RECORDS TO USE:
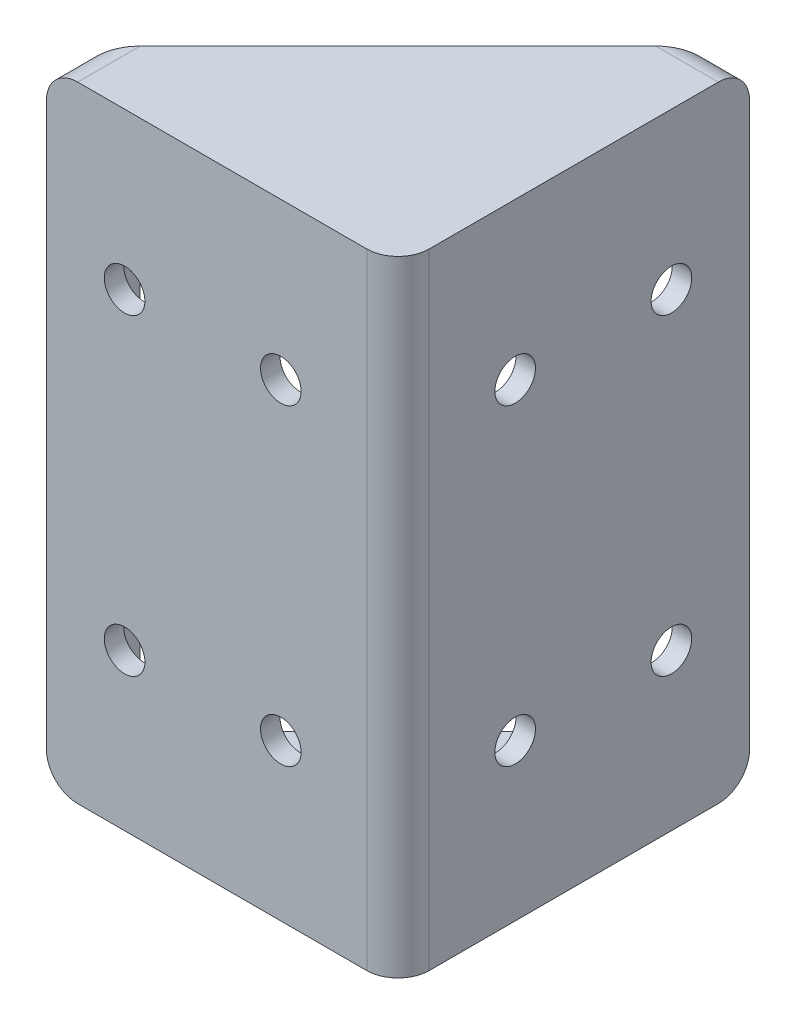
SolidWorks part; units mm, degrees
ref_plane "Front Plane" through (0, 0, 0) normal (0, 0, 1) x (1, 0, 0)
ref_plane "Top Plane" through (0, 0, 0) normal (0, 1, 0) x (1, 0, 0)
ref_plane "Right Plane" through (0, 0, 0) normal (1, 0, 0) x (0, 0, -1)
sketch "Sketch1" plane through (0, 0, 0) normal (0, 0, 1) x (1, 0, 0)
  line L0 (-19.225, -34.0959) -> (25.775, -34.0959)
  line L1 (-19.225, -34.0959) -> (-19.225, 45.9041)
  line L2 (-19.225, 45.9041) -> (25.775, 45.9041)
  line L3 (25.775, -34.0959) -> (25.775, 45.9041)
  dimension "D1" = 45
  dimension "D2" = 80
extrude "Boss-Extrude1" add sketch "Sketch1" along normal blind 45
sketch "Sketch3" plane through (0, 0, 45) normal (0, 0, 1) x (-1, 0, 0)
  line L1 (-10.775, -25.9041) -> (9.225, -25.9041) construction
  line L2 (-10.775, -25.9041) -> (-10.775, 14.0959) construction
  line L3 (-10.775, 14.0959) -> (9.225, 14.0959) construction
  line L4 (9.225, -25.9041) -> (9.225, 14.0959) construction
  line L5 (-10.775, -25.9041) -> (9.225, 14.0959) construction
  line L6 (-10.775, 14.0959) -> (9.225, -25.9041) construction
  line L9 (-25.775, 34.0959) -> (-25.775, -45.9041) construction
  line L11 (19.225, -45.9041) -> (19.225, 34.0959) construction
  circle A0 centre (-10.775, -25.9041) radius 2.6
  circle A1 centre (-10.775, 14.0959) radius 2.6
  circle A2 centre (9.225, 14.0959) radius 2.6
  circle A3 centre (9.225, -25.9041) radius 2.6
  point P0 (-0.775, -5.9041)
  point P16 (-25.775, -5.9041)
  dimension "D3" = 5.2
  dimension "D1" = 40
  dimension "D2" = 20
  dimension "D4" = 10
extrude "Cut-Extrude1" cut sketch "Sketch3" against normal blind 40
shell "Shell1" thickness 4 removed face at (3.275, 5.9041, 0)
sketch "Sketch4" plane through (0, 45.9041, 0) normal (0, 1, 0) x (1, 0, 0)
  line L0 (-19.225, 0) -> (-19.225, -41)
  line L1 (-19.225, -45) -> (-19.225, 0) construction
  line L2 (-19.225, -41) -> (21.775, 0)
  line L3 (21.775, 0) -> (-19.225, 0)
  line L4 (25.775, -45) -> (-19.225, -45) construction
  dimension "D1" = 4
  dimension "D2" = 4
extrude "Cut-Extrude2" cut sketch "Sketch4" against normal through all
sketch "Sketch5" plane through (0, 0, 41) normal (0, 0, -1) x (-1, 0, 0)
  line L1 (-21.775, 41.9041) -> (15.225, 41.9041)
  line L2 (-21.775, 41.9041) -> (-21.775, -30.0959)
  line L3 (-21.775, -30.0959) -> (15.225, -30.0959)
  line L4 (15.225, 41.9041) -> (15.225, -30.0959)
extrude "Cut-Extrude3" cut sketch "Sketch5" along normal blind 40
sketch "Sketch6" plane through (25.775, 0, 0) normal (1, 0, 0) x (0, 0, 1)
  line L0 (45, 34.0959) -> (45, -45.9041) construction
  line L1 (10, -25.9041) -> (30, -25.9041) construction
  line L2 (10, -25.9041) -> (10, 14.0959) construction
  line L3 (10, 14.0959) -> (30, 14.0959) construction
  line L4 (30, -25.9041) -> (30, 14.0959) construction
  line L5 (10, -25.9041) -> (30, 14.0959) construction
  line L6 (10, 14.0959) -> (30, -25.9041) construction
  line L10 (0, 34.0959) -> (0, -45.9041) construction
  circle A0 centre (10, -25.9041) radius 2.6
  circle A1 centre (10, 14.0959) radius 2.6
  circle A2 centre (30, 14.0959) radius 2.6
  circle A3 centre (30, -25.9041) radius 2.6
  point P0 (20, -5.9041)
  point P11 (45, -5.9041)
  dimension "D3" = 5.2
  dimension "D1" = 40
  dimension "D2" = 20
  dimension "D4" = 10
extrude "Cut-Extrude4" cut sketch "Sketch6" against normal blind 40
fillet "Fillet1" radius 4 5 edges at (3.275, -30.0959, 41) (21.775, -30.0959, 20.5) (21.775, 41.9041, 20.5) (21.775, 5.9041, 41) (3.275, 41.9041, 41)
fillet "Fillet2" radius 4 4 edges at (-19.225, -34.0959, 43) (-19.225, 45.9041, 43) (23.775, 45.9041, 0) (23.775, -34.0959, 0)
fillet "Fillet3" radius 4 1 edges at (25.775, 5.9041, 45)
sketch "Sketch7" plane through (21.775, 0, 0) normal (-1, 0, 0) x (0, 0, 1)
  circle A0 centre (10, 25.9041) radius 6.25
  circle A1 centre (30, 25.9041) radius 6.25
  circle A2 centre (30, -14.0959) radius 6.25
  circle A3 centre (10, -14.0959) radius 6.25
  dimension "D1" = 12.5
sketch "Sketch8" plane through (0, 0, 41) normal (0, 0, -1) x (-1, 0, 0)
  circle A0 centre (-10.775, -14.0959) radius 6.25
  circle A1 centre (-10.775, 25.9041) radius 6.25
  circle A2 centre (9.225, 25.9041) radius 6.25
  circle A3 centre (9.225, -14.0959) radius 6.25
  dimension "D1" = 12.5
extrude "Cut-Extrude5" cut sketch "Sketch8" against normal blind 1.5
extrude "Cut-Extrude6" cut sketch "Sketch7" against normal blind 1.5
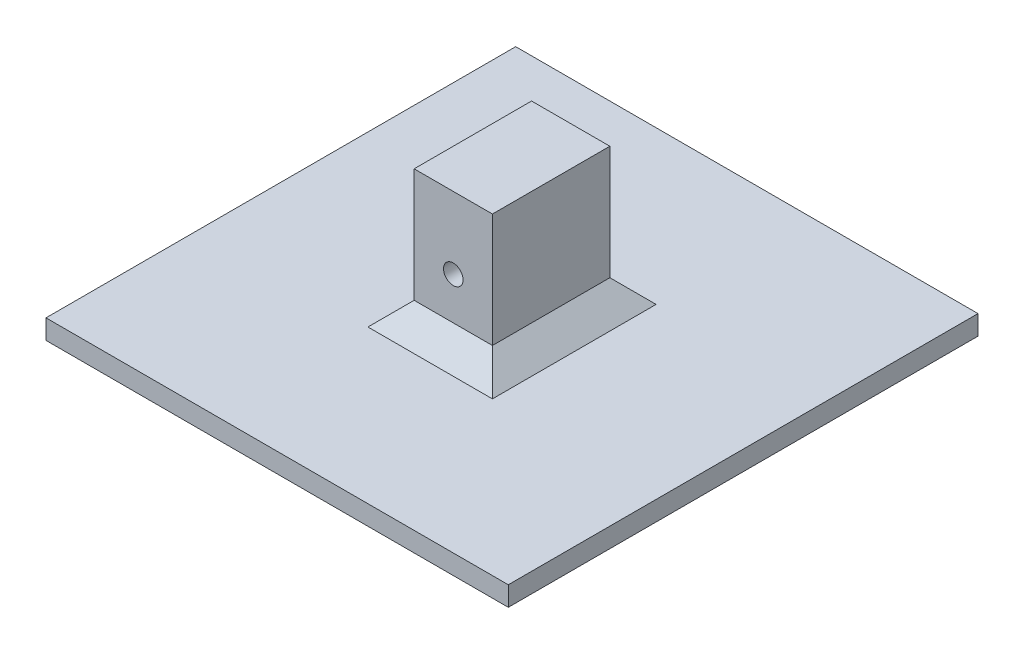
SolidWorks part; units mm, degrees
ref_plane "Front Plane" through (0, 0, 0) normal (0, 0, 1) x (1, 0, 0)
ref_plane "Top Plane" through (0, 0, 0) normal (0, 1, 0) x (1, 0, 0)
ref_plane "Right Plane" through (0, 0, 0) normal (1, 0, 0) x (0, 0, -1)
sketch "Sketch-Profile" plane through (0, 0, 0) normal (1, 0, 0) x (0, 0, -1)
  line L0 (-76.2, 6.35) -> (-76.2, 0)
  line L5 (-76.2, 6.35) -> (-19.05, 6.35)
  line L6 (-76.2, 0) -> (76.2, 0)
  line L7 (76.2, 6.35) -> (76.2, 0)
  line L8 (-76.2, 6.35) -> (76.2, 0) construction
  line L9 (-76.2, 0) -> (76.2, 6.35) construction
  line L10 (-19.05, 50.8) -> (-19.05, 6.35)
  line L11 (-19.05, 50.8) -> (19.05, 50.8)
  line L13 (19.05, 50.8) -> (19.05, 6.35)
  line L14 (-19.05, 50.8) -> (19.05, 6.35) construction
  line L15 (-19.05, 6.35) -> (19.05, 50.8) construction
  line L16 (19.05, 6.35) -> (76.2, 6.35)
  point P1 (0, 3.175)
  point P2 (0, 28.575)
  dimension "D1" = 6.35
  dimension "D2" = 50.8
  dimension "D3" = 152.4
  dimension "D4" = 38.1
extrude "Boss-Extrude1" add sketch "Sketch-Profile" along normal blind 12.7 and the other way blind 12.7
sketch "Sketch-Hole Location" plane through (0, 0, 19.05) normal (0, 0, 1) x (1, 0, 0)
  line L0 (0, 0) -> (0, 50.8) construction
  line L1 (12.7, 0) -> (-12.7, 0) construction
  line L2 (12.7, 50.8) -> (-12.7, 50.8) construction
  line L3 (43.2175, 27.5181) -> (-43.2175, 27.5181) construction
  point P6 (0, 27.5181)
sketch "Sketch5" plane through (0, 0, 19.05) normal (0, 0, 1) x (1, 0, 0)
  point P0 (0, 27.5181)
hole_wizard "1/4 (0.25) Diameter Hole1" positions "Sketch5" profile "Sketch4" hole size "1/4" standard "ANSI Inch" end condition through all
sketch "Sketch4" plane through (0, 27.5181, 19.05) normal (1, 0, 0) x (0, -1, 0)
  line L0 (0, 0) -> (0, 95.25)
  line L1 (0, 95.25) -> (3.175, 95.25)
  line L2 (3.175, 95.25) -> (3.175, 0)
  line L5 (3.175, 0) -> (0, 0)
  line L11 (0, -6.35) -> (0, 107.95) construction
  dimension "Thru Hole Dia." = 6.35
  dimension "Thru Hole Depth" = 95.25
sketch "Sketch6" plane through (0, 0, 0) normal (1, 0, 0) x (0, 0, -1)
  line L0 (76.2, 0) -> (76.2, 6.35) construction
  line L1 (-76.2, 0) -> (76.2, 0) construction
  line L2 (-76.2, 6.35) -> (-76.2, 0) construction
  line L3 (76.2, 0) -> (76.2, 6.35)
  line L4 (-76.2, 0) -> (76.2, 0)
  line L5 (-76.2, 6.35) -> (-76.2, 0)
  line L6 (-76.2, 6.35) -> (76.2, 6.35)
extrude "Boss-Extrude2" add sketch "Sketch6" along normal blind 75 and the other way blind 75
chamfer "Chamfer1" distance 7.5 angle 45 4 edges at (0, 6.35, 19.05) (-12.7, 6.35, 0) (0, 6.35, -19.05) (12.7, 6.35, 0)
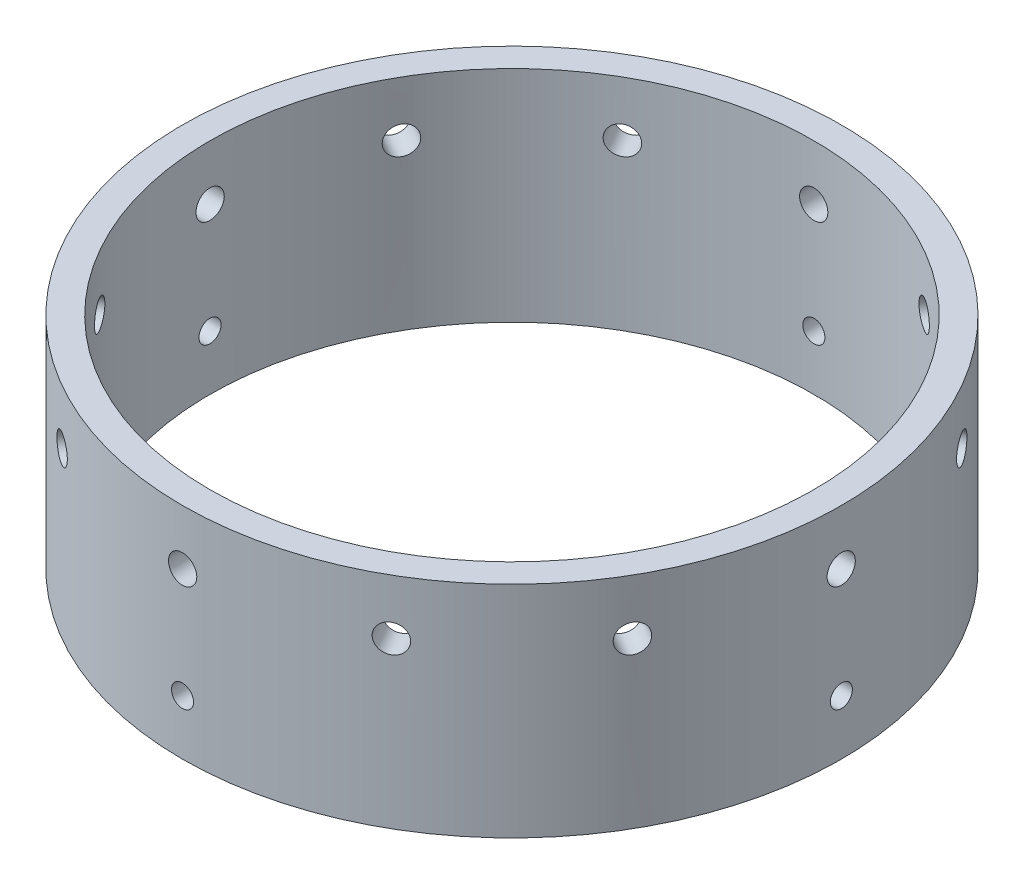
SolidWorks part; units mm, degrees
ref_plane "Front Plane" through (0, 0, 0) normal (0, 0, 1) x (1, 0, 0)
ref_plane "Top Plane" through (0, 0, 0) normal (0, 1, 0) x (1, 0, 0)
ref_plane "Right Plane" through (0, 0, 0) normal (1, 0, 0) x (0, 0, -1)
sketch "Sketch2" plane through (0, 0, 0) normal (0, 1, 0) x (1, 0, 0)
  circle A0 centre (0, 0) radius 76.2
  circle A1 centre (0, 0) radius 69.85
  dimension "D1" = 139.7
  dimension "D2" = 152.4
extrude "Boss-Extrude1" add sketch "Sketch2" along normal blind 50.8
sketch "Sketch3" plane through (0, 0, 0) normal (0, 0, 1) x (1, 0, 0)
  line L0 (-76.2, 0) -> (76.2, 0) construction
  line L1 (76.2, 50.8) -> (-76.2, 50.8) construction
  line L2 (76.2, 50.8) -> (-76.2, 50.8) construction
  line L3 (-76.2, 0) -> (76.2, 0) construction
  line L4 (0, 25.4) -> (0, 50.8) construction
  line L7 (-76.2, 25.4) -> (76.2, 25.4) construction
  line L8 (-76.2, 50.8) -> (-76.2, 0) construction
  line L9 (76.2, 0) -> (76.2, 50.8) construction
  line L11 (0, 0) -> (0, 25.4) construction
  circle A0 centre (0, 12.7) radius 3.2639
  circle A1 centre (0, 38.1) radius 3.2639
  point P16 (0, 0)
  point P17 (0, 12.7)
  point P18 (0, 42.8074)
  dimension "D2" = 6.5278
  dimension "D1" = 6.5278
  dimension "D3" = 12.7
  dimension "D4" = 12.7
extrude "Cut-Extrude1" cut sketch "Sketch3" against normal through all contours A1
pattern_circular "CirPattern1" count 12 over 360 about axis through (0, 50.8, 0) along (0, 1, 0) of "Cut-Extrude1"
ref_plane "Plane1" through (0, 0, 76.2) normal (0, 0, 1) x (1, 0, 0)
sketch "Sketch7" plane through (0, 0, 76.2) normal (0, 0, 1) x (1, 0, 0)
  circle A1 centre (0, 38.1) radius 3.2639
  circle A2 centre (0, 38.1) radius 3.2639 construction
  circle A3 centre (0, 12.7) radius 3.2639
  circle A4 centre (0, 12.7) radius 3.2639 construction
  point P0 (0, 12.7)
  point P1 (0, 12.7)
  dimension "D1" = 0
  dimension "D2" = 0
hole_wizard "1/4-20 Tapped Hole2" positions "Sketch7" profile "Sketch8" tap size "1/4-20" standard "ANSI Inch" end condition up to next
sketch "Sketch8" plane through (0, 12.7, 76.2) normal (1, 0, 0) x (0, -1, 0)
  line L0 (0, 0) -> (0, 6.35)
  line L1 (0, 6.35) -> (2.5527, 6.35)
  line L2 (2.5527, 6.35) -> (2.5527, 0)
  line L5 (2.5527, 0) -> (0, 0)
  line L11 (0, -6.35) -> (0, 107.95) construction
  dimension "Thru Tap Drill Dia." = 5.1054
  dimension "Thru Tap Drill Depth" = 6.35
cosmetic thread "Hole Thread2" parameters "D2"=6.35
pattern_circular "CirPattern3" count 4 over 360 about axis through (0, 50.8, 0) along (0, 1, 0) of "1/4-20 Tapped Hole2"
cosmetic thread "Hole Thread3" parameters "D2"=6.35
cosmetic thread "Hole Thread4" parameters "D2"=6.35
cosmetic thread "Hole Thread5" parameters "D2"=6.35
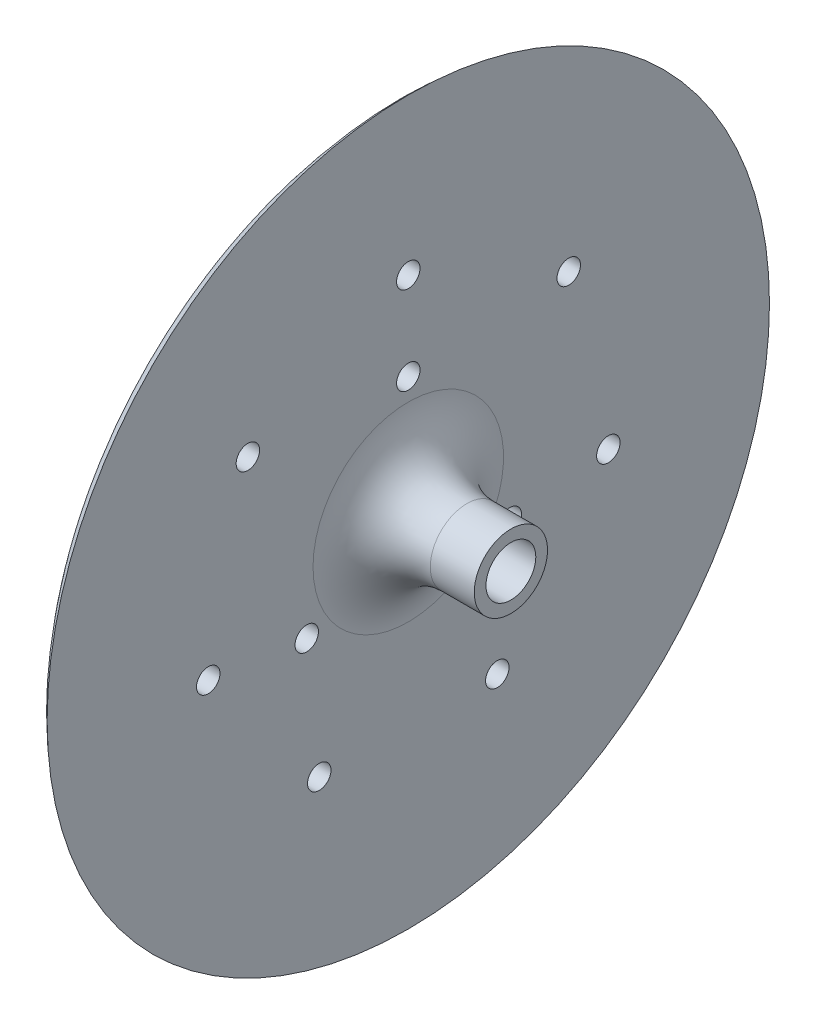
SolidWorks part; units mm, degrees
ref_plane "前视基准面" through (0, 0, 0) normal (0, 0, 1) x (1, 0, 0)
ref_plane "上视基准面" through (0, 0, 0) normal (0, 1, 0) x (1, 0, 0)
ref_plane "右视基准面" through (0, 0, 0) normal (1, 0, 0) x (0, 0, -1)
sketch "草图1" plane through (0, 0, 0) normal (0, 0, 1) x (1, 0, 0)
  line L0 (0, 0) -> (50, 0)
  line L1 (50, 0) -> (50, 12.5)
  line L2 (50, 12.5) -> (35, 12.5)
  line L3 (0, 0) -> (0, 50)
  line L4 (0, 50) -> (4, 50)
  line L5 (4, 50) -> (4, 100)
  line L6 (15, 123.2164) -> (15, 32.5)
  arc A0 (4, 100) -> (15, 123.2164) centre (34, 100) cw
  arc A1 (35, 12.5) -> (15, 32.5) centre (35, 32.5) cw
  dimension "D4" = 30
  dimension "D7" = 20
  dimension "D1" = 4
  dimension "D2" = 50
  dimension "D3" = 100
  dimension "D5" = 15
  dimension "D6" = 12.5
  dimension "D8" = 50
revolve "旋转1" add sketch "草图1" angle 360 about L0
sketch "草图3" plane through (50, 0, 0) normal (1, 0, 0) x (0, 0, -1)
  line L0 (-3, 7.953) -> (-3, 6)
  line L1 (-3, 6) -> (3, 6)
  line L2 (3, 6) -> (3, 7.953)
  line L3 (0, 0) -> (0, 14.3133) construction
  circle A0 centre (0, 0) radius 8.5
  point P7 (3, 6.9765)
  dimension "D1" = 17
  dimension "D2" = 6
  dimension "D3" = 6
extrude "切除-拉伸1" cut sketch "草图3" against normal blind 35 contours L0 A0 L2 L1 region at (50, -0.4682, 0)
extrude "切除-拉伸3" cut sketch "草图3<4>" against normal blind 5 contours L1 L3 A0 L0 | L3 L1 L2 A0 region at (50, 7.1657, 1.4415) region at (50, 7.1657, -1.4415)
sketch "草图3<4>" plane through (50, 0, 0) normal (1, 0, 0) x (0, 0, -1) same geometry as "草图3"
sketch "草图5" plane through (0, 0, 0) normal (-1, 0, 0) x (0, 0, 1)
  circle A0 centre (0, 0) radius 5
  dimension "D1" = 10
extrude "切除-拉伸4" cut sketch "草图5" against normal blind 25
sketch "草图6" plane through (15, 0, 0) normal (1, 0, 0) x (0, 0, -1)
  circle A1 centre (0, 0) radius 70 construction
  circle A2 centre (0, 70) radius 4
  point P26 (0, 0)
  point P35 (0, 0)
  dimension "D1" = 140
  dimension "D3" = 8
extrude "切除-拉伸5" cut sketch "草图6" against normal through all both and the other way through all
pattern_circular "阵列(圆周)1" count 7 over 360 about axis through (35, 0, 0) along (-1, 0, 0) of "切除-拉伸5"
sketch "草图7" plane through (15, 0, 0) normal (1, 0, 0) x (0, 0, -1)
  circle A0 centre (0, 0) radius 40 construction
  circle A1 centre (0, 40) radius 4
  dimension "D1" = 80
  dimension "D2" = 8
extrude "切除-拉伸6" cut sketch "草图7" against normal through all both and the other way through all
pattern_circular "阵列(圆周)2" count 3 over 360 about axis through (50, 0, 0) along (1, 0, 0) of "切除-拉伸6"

WORK INSTRUCTION: Your answer must be a copy of every line in the data above that holds the string "Thru".

COMPLETED TASK:
  dimension "Thru Hole Dia." = 6.35
  dimension "Thru Hole Depth" = 95.25
  dimension "Thru Tap Drill Dia." = 5.1054
  dimension "Thru Tap Drill Depth" = 6.35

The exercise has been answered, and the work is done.